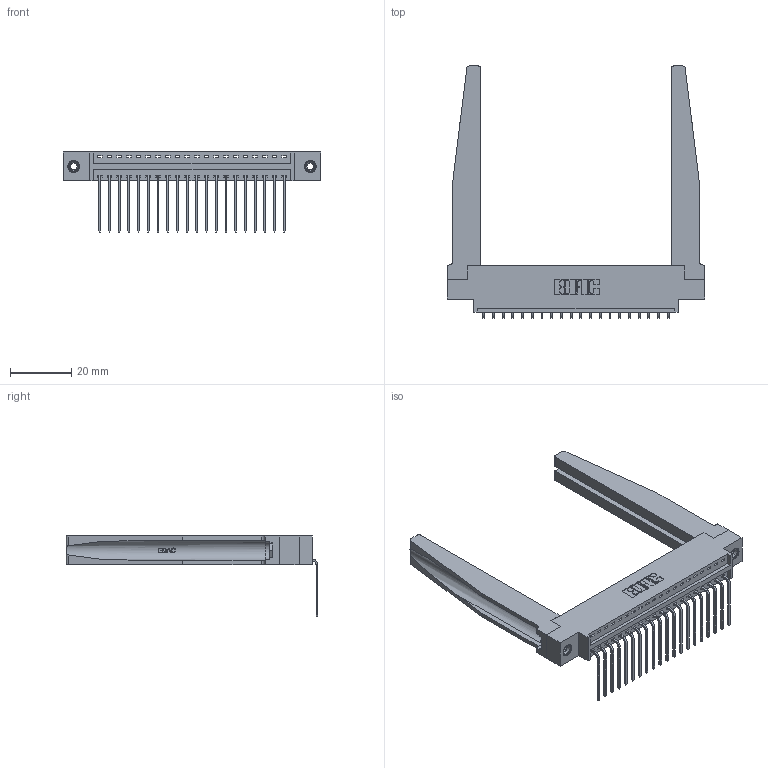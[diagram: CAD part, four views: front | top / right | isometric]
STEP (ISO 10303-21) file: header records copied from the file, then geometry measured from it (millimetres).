
FILE_DESCRIPTION (( 'STEP AP203' ), '1' );
FILE_NAME ('396-020-559-678.STEP', '2019-10-31T21:00:18', ( '' ), ( '' ), 'SwSTEP 2.0', 'SolidWorks 2016', '' );
FILE_SCHEMA (( 'CONFIG_CONTROL_DESIGN' ));
Length unit declared in the file: inch
Products named in the file (5): 346 Part_0.170 Offset - 0.156 Dia-TH; 345-292-001_558 559 Tail - 1; 346-220-078_345-220-078; 345-250-001_345-250-001-102; 396-020-559-678
Assembly tree (25 placements, depth 2):
  396-020-559-678
    346 Part_0.170 Offset - 0.156 Dia-TH
    345-292-001_558 559 Tail - 1  x20
    346-220-078_345-220-078  x2
    345-250-001_345-250-001-102  x2
Bounding box: 84.07 x 82.36 x 26.16 mm (x, y, z)
Volume: 14717 mm3; surface area: 16619.8 mm2
Topology: 25 solids, 25 shells, 1560 faces, 4589 edges, 3022 vertices
Faces by surface type: plane 1062, cylinder 446, bspline 36, cone 12, torus 4
Entity records: 20338 total; most frequent: CARTESIAN_POINT 4407, ORIENTED_EDGE 3250, DIRECTION 2899, EDGE_CURVE 1625, VECTOR 1319, LINE 1319, VERTEX_POINT 1076, AXIS2_PLACEMENT_3D 790

YOUR GOAL -> Once you have read the entries above, state how many of their lines include "Offset", giving the number alone.

EXERCISE SOLUTION -> 2